Assignment: Please restate word for word the lines from the top of the entries through the line that contains "#4=PRODUCT('Part','Part','',(#3));", and do not include any pictures.

Given records:
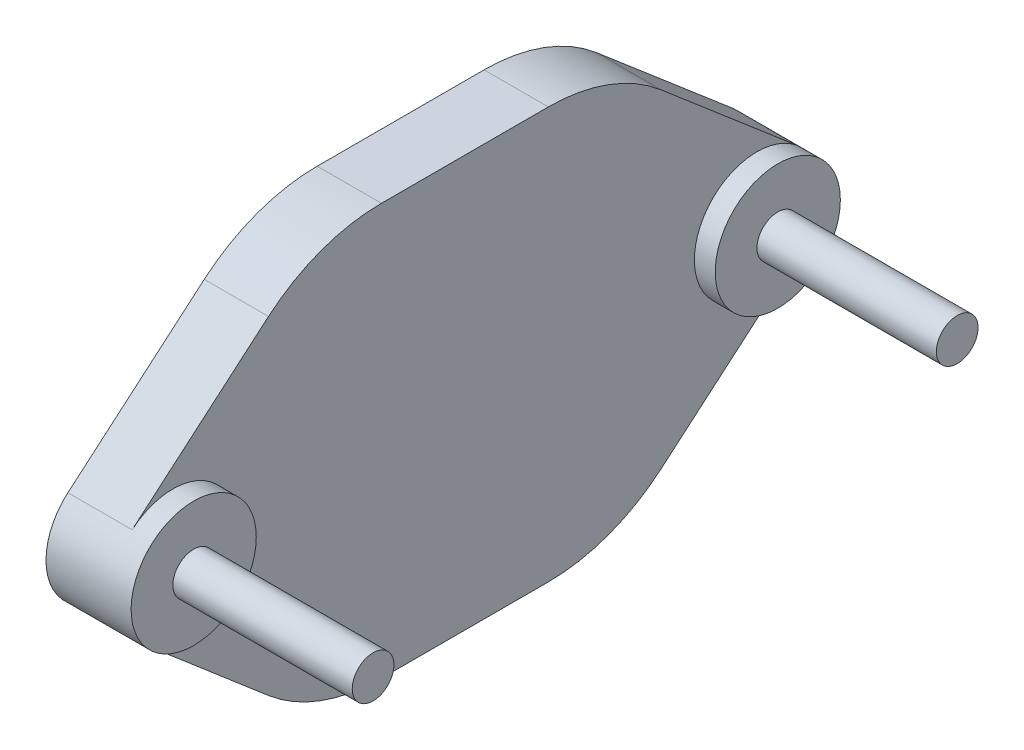
ISO-10303-21;
HEADER;
FILE_DESCRIPTION(('STEP AP214'),'2;1');
FILE_NAME('part.step','',(''),(''),'','','');
FILE_SCHEMA(('AUTOMOTIVE_DESIGN { 1 0 10303 214 1 1 1 1 }'));
ENDSEC;
DATA;
#1=APPLICATION_CONTEXT('core data for automotive mechanical design processes');
#2=APPLICATION_PROTOCOL_DEFINITION('international standard','automotive_design',2000,#1);
#3=PRODUCT_CONTEXT('',#1,'mechanical');
#4=PRODUCT('Part','Part','',(#3));
#5=PRODUCT_RELATED_PRODUCT_CATEGORY('part','',(#4));
#6=PRODUCT_DEFINITION_FORMATION('','',#4);
#7=PRODUCT_DEFINITION_CONTEXT('part definition',#1,'design');
#8=PRODUCT_DEFINITION('design','',#6,#7);
#9=PRODUCT_DEFINITION_SHAPE('','',#8);
#10=(LENGTH_UNIT() NAMED_UNIT(*) SI_UNIT(.MILLI.,.METRE.));
#11=(NAMED_UNIT(*) PLANE_ANGLE_UNIT() SI_UNIT($,.RADIAN.));
#12=(NAMED_UNIT(*) SI_UNIT($,.STERADIAN.) SOLID_ANGLE_UNIT());
#13=UNCERTAINTY_MEASURE_WITH_UNIT(LENGTH_MEASURE(1.E-05),#10,'distance_accuracy_value','');
#14=(GEOMETRIC_REPRESENTATION_CONTEXT(3) GLOBAL_UNCERTAINTY_ASSIGNED_CONTEXT((#13)) GLOBAL_UNIT_ASSIGNED_CONTEXT((#10,
#11,#12)) REPRESENTATION_CONTEXT('',''));
#15=CARTESIAN_POINT('',(0.,0.,0.));
#16=DIRECTION('',(0.,0.,1.));
#17=DIRECTION('',(1.,0.,0.));
#18=AXIS2_PLACEMENT_3D('',#15,#16,#17);
#19=CARTESIAN_POINT('',(19.558,0.,0.));
#20=DIRECTION('',(1.,0.,0.));
#21=DIRECTION('',(0.,0.,-1.));
#22=AXIS2_PLACEMENT_3D('',#19,#20,#21);
#23=PLANE('',#22);
#24=DIRECTION('',(0.,-0.64931100650113,0.760522989025637));
#25=VECTOR('',#24,1.);
#26=CARTESIAN_POINT('',(19.558,-58.3882068959576,-49.850045211628));
#27=LINE('',#26,#25);
#28=CARTESIAN_POINT('',(19.558,-14.4879737031369,-101.269374673846));
#29=VERTEX_POINT('',#28);
#30=CARTESIAN_POINT('',(19.558,-49.9468477681641,-59.7372142431561));
#31=VERTEX_POINT('',#30);
#32=EDGE_CURVE('E232',#29,#31,#27,.T.);
#33=ORIENTED_EDGE('',*,*,#32,.F.);
#34=CARTESIAN_POINT('',(19.558,-1.07621984650563E-05,-88.8999999999998));
#35=DIRECTION('',(1.,0.,0.));
#36=DIRECTION('',(0.,0.,-1.));
#37=AXIS2_PLACEMENT_3D('',#34,#35,#36);
#38=CIRCLE('',#37,19.0500000000001);
#39=CARTESIAN_POINT('',(19.558,14.4879482101719,-101.269379322137));
#40=VERTEX_POINT('',#39);
#41=EDGE_CURVE('E225',#40,#29,#38,.T.);
#42=ORIENTED_EDGE('',*,*,#41,.F.);
#43=DIRECTION('',(0.,0.649311250505885,0.760522780701856));
#44=VECTOR('',#43,1.);
#45=CARTESIAN_POINT('',(19.558,58.3881949498325,-49.8500674005709));
#46=LINE('',#45,#44);
#47=CARTESIAN_POINT('',(19.558,49.9468356002987,-59.7372302680082));
#48=VERTEX_POINT('',#47);
#49=EDGE_CURVE('E235',#40,#48,#46,.T.);
#50=ORIENTED_EDGE('',*,*,#49,.T.);
#51=CARTESIAN_POINT('',(19.558,9.72845678015649,-25.4));
#52=DIRECTION('',(1.,0.,0.));
#53=DIRECTION('',(0.,0.,-1.));
#54=AXIS2_PLACEMENT_3D('',#51,#52,#53);
#55=CIRCLE('',#54,52.8825432198438);
#56=CARTESIAN_POINT('',(19.558,62.611,-25.4));
#57=VERTEX_POINT('',#56);
#58=EDGE_CURVE('E237',#57,#48,#55,.F.);
#59=ORIENTED_EDGE('',*,*,#58,.F.);
#60=DIRECTION('',(0.,0.,-1.));
#61=VECTOR('',#60,1.);
#62=CARTESIAN_POINT('',(19.558,62.611,0.));
#63=LINE('',#62,#61);
#64=CARTESIAN_POINT('',(19.558,62.611,25.4));
#65=VERTEX_POINT('',#64);
#66=EDGE_CURVE('E240',#65,#57,#63,.T.);
#67=ORIENTED_EDGE('',*,*,#66,.F.);
#68=CARTESIAN_POINT('',(19.558,9.5445076787761,25.4));
#69=DIRECTION('',(1.,0.,0.));
#70=DIRECTION('',(0.,0.,-1.));
#71=AXIS2_PLACEMENT_3D('',#68,#69,#70);
#72=CIRCLE('',#71,53.0664923212239);
#73=CARTESIAN_POINT('',(19.558,49.9702989821736,59.7774345286653));
#74=VERTEX_POINT('',#73);
#75=EDGE_CURVE('E160',#65,#74,#72,.T.);
#76=ORIENTED_EDGE('',*,*,#75,.T.);
#77=DIRECTION('',(0.,0.649923072370877,-0.76));
#78=VECTOR('',#77,1.);
#79=CARTESIAN_POINT('',(19.558,58.389402461666,49.9323945286652));
#80=LINE('',#79,#78);
#81=CARTESIAN_POINT('',(19.558,14.478,101.281034528665));
#82=VERTEX_POINT('',#81);
#83=EDGE_CURVE('E141',#82,#74,#80,.T.);
#84=ORIENTED_EDGE('',*,*,#83,.F.);
#85=CARTESIAN_POINT('',(19.558,0.,88.9000000000001));
#86=DIRECTION('',(1.,0.,0.));
#87=DIRECTION('',(0.,0.,-1.));
#88=AXIS2_PLACEMENT_3D('',#85,#86,#87);
#89=CIRCLE('',#88,19.05);
#90=CARTESIAN_POINT('',(19.558,-14.478,101.281034528665));
#91=VERTEX_POINT('',#90);
#92=EDGE_CURVE('E134',#91,#82,#89,.T.);
#93=ORIENTED_EDGE('',*,*,#92,.F.);
#94=DIRECTION('',(0.,-0.649923072370877,-0.76));
#95=VECTOR('',#94,1.);
#96=CARTESIAN_POINT('',(19.558,-58.389402461666,49.9323945286652));
#97=LINE('',#96,#95);
#98=CARTESIAN_POINT('',(19.558,-49.9702989821736,59.7774345286652));
#99=VERTEX_POINT('',#98);
#100=EDGE_CURVE('E139',#91,#99,#97,.T.);
#101=ORIENTED_EDGE('',*,*,#100,.T.);
#102=CARTESIAN_POINT('',(19.558,-9.54450767877604,25.4));
#103=DIRECTION('',(1.,0.,0.));
#104=DIRECTION('',(0.,0.,-1.));
#105=AXIS2_PLACEMENT_3D('',#102,#103,#104);
#106=CIRCLE('',#105,53.0664923212239);
#107=CARTESIAN_POINT('',(19.558,-62.611,25.4));
#108=VERTEX_POINT('',#107);
#109=EDGE_CURVE('E157',#108,#99,#106,.F.);
#110=ORIENTED_EDGE('',*,*,#109,.F.);
#111=DIRECTION('',(0.,0.,-1.));
#112=VECTOR('',#111,1.);
#113=CARTESIAN_POINT('',(19.558,-62.611,0.));
#114=LINE('',#113,#112);
#115=CARTESIAN_POINT('',(19.558,-62.611,-25.4));
#116=VERTEX_POINT('',#115);
#117=EDGE_CURVE('E196',#108,#116,#114,.T.);
#118=ORIENTED_EDGE('',*,*,#117,.T.);
#119=CARTESIAN_POINT('',(19.558,-9.72846158719064,-25.4));
#120=DIRECTION('',(1.,0.,0.));
#121=DIRECTION('',(0.,0.,-1.));
#122=AXIS2_PLACEMENT_3D('',#119,#120,#121);
#123=CIRCLE('',#122,52.8825384128097);
#124=EDGE_CURVE('E110',#116,#31,#123,.T.);
#125=ORIENTED_EDGE('',*,*,#124,.T.);
#126=EDGE_LOOP('',(#33,#42,#50,#59,#67,#76,#84,#93,#101,#110,#118,#125));
#127=FACE_BOUND('',#126,.T.);
#128=ADVANCED_FACE('F39',(#127),#23,.T.);
#129=CARTESIAN_POINT('',(19.558,-62.611,0.));
#130=DIRECTION('',(0.,1.,0.));
#131=DIRECTION('',(0.,0.,1.));
#132=AXIS2_PLACEMENT_3D('',#129,#130,#131);
#133=PLANE('',#132);
#134=DIRECTION('',(0.,0.,-1.));
#135=VECTOR('',#134,1.);
#136=CARTESIAN_POINT('',(0.,-62.611,0.));
#137=LINE('',#136,#135);
#138=CARTESIAN_POINT('',(0.,-62.611,25.4));
#139=VERTEX_POINT('',#138);
#140=CARTESIAN_POINT('',(0.,-62.611,-25.4));
#141=VERTEX_POINT('',#140);
#142=EDGE_CURVE('E164',#139,#141,#137,.T.);
#143=ORIENTED_EDGE('',*,*,#142,.T.);
#144=DIRECTION('',(-1.,0.,0.));
#145=VECTOR('',#144,1.);
#146=CARTESIAN_POINT('',(19.558,-62.611,-25.4));
#147=LINE('',#146,#145);
#148=EDGE_CURVE('E11',#116,#141,#147,.T.);
#149=ORIENTED_EDGE('',*,*,#148,.F.);
#150=ORIENTED_EDGE('',*,*,#117,.F.);
#151=DIRECTION('',(-1.,0.,0.));
#152=VECTOR('',#151,1.);
#153=CARTESIAN_POINT('',(19.558,-62.611,25.4));
#154=LINE('',#153,#152);
#155=EDGE_CURVE('E58',#108,#139,#154,.T.);
#156=ORIENTED_EDGE('',*,*,#155,.T.);
#157=EDGE_LOOP('',(#143,#149,#150,#156));
#158=FACE_BOUND('',#157,.T.);
#159=ADVANCED_FACE('F41',(#158),#133,.F.);
#160=CARTESIAN_POINT('',(19.558,-9.72846158719064,-25.4));
#161=DIRECTION('',(-1.,0.,0.));
#162=DIRECTION('',(0.,0.,1.));
#163=AXIS2_PLACEMENT_3D('',#160,#161,#162);
#164=CYLINDRICAL_SURFACE('',#163,52.8825384128097);
#165=CARTESIAN_POINT('',(0.,-9.72846158719064,-25.4));
#166=DIRECTION('',(1.,0.,0.));
#167=DIRECTION('',(0.,0.,-1.));
#168=AXIS2_PLACEMENT_3D('',#165,#166,#167);
#169=CIRCLE('',#168,52.8825384128097);
#170=CARTESIAN_POINT('',(0.,-49.9468477681641,-59.7372142431561));
#171=VERTEX_POINT('',#170);
#172=EDGE_CURVE('E166',#141,#171,#169,.T.);
#173=ORIENTED_EDGE('',*,*,#172,.T.);
#174=DIRECTION('',(-1.,0.,0.));
#175=VECTOR('',#174,1.);
#176=CARTESIAN_POINT('',(19.558,-49.9468477681641,-59.7372142431561));
#177=LINE('',#176,#175);
#178=EDGE_CURVE('E49',#31,#171,#177,.T.);
#179=ORIENTED_EDGE('',*,*,#178,.F.);
#180=ORIENTED_EDGE('',*,*,#124,.F.);
#181=ORIENTED_EDGE('',*,*,#148,.T.);
#182=EDGE_LOOP('',(#173,#179,#180,#181));
#183=FACE_BOUND('',#182,.T.);
#184=ADVANCED_FACE('F270',(#183),#164,.T.);
#185=CARTESIAN_POINT('',(19.558,-58.3882068959576,-49.850045211628));
#186=DIRECTION('',(0.,-0.760522989025637,-0.64931100650113));
#187=DIRECTION('',(0.,0.64931100650113,-0.760522989025637));
#188=AXIS2_PLACEMENT_3D('',#185,#186,#187);
#189=PLANE('',#188);
#190=DIRECTION('',(0.,-0.64931100650113,0.760522989025637));
#191=VECTOR('',#190,1.);
#192=CARTESIAN_POINT('',(0.,-58.3882068959576,-49.850045211628));
#193=LINE('',#192,#191);
#194=CARTESIAN_POINT('',(0.,-14.4879737031369,-101.269374673846));
#195=VERTEX_POINT('',#194);
#196=EDGE_CURVE('E170',#195,#171,#193,.T.);
#197=ORIENTED_EDGE('',*,*,#196,.F.);
#198=DIRECTION('',(-1.,0.,0.));
#199=VECTOR('',#198,1.);
#200=CARTESIAN_POINT('',(19.558,-14.4879737031369,-101.269374673846));
#201=LINE('',#200,#199);
#202=EDGE_CURVE('E211',#29,#195,#201,.T.);
#203=ORIENTED_EDGE('',*,*,#202,.F.);
#204=ORIENTED_EDGE('',*,*,#32,.T.);
#205=ORIENTED_EDGE('',*,*,#178,.T.);
#206=EDGE_LOOP('',(#197,#203,#204,#205));
#207=FACE_BOUND('',#206,.T.);
#208=ADVANCED_FACE('F321',(#207),#189,.T.);
#209=CARTESIAN_POINT('',(19.558,-1.07621984650563E-05,-88.8999999999998));
#210=DIRECTION('',(-1.,0.,0.));
#211=DIRECTION('',(0.,0.,1.));
#212=AXIS2_PLACEMENT_3D('',#209,#210,#211);
#213=CYLINDRICAL_SURFACE('',#212,19.05);
#214=CARTESIAN_POINT('',(0.,-1.07621984650563E-05,-88.8999999999998));
#215=DIRECTION('',(1.,0.,0.));
#216=DIRECTION('',(0.,0.,-1.));
#217=AXIS2_PLACEMENT_3D('',#214,#215,#216);
#218=CIRCLE('',#217,19.05);
#219=CARTESIAN_POINT('',(0.,14.4879482101719,-101.269379322137));
#220=VERTEX_POINT('',#219);
#221=EDGE_CURVE('E173',#195,#220,#218,.T.);
#222=ORIENTED_EDGE('',*,*,#221,.T.);
#223=DIRECTION('',(-1.,0.,0.));
#224=VECTOR('',#223,1.);
#225=CARTESIAN_POINT('',(19.558,14.4879482101719,-101.269379322137));
#226=LINE('',#225,#224);
#227=EDGE_CURVE('E208',#40,#220,#226,.T.);
#228=ORIENTED_EDGE('',*,*,#227,.F.);
#229=ORIENTED_EDGE('',*,*,#41,.T.);
#230=ORIENTED_EDGE('',*,*,#202,.T.);
#231=EDGE_LOOP('',(#222,#228,#229,#230));
#232=FACE_BOUND('',#231,.T.);
#233=CARTESIAN_POINT('',(25.908,-1.07621984650563E-05,-88.8999999999998));
#234=DIRECTION('',(1.,0.,0.));
#235=DIRECTION('',(0.,0.,-1.));
#236=AXIS2_PLACEMENT_3D('',#233,#234,#235);
#237=CIRCLE('',#236,19.0500000000001);
#238=CARTESIAN_POINT('',(25.908,-1.07621984650563E-05,-107.95));
#239=VERTEX_POINT('',#238);
#240=EDGE_CURVE('E300',#239,#239,#237,.T.);
#241=ORIENTED_EDGE('',*,*,#240,.F.);
#242=EDGE_LOOP('',(#241));
#243=FACE_BOUND('',#242,.T.);
#244=ADVANCED_FACE('F306',(#232,#243),#213,.T.);
#245=CARTESIAN_POINT('',(19.558,58.3881949498325,-49.8500674005709));
#246=DIRECTION('',(0.,-0.760522780701856,0.649311250505885));
#247=DIRECTION('',(0.,-0.649311250505885,-0.760522780701856));
#248=AXIS2_PLACEMENT_3D('',#245,#246,#247);
#249=PLANE('',#248);
#250=DIRECTION('',(0.,0.649311250505885,0.760522780701856));
#251=VECTOR('',#250,1.);
#252=CARTESIAN_POINT('',(0.,58.3881949498325,-49.8500674005709));
#253=LINE('',#252,#251);
#254=CARTESIAN_POINT('',(0.,49.9468356002987,-59.7372302680082));
#255=VERTEX_POINT('',#254);
#256=EDGE_CURVE('E175',#220,#255,#253,.T.);
#257=ORIENTED_EDGE('',*,*,#256,.T.);
#258=DIRECTION('',(-1.,0.,0.));
#259=VECTOR('',#258,1.);
#260=CARTESIAN_POINT('',(19.558,49.9468356002987,-59.7372302680082));
#261=LINE('',#260,#259);
#262=EDGE_CURVE('E206',#48,#255,#261,.T.);
#263=ORIENTED_EDGE('',*,*,#262,.F.);
#264=ORIENTED_EDGE('',*,*,#49,.F.);
#265=ORIENTED_EDGE('',*,*,#227,.T.);
#266=EDGE_LOOP('',(#257,#263,#264,#265));
#267=FACE_BOUND('',#266,.T.);
#268=ADVANCED_FACE('F311',(#267),#249,.F.);
#269=CARTESIAN_POINT('',(19.558,9.72845678015649,-25.4));
#270=DIRECTION('',(-1.,0.,0.));
#271=DIRECTION('',(0.,0.,1.));
#272=AXIS2_PLACEMENT_3D('',#269,#270,#271);
#273=CYLINDRICAL_SURFACE('',#272,52.8825432198438);
#274=CARTESIAN_POINT('',(0.,9.72845678015649,-25.4));
#275=DIRECTION('',(1.,0.,0.));
#276=DIRECTION('',(0.,0.,-1.));
#277=AXIS2_PLACEMENT_3D('',#274,#275,#276);
#278=CIRCLE('',#277,52.8825432198438);
#279=CARTESIAN_POINT('',(0.,62.611,-25.4));
#280=VERTEX_POINT('',#279);
#281=EDGE_CURVE('E178',#280,#255,#278,.F.);
#282=ORIENTED_EDGE('',*,*,#281,.F.);
#283=DIRECTION('',(-1.,0.,0.));
#284=VECTOR('',#283,1.);
#285=CARTESIAN_POINT('',(19.558,62.611,-25.4));
#286=LINE('',#285,#284);
#287=EDGE_CURVE('E204',#57,#280,#286,.T.);
#288=ORIENTED_EDGE('',*,*,#287,.F.);
#289=ORIENTED_EDGE('',*,*,#58,.T.);
#290=ORIENTED_EDGE('',*,*,#262,.T.);
#291=EDGE_LOOP('',(#282,#288,#289,#290));
#292=FACE_BOUND('',#291,.T.);
#293=ADVANCED_FACE('F315',(#292),#273,.T.);
#294=CARTESIAN_POINT('',(19.558,62.611,0.));
#295=DIRECTION('',(0.,1.,0.));
#296=DIRECTION('',(0.,0.,1.));
#297=AXIS2_PLACEMENT_3D('',#294,#295,#296);
#298=PLANE('',#297);
#299=DIRECTION('',(0.,0.,-1.));
#300=VECTOR('',#299,1.);
#301=CARTESIAN_POINT('',(0.,62.611,0.));
#302=LINE('',#301,#300);
#303=CARTESIAN_POINT('',(0.,62.611,25.4));
#304=VERTEX_POINT('',#303);
#305=EDGE_CURVE('E181',#304,#280,#302,.T.);
#306=ORIENTED_EDGE('',*,*,#305,.F.);
#307=DIRECTION('',(-1.,0.,0.));
#308=VECTOR('',#307,1.);
#309=CARTESIAN_POINT('',(19.558,62.611,25.4));
#310=LINE('',#309,#308);
#311=EDGE_CURVE('E202',#65,#304,#310,.T.);
#312=ORIENTED_EDGE('',*,*,#311,.F.);
#313=ORIENTED_EDGE('',*,*,#66,.T.);
#314=ORIENTED_EDGE('',*,*,#287,.T.);
#315=EDGE_LOOP('',(#306,#312,#313,#314));
#316=FACE_BOUND('',#315,.T.);
#317=ADVANCED_FACE('F318',(#316),#298,.T.);
#318=CARTESIAN_POINT('',(19.558,9.5445076787761,25.4));
#319=DIRECTION('',(-1.,0.,0.));
#320=DIRECTION('',(0.,0.,1.));
#321=AXIS2_PLACEMENT_3D('',#318,#319,#320);
#322=CYLINDRICAL_SURFACE('',#321,53.0664923212239);
#323=CARTESIAN_POINT('',(0.,9.5445076787761,25.4));
#324=DIRECTION('',(1.,0.,0.));
#325=DIRECTION('',(0.,0.,-1.));
#326=AXIS2_PLACEMENT_3D('',#323,#324,#325);
#327=CIRCLE('',#326,53.0664923212239);
#328=CARTESIAN_POINT('',(0.,49.9702989821736,59.7774345286653));
#329=VERTEX_POINT('',#328);
#330=EDGE_CURVE('E184',#304,#329,#327,.T.);
#331=ORIENTED_EDGE('',*,*,#330,.T.);
#332=DIRECTION('',(-1.,0.,0.));
#333=VECTOR('',#332,1.);
#334=CARTESIAN_POINT('',(19.558,49.9702989821736,59.7774345286653));
#335=LINE('',#334,#333);
#336=EDGE_CURVE('E200',#74,#329,#335,.T.);
#337=ORIENTED_EDGE('',*,*,#336,.F.);
#338=ORIENTED_EDGE('',*,*,#75,.F.);
#339=ORIENTED_EDGE('',*,*,#311,.T.);
#340=EDGE_LOOP('',(#331,#337,#338,#339));
#341=FACE_BOUND('',#340,.T.);
#342=ADVANCED_FACE('F247',(#341),#322,.T.);
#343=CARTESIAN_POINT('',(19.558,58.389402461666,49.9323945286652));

Reply to the exercise:
ISO-10303-21;
HEADER;
FILE_DESCRIPTION(('STEP AP214'),'2;1');
FILE_NAME('part.step','',(''),(''),'','','');
FILE_SCHEMA(('AUTOMOTIVE_DESIGN { 1 0 10303 214 1 1 1 1 }'));
ENDSEC;
DATA;
#1=APPLICATION_CONTEXT('core data for automotive mechanical design processes');
#2=APPLICATION_PROTOCOL_DEFINITION('international standard','automotive_design',2000,#1);
#3=PRODUCT_CONTEXT('',#1,'mechanical');
#4=PRODUCT('Part','Part','',(#3));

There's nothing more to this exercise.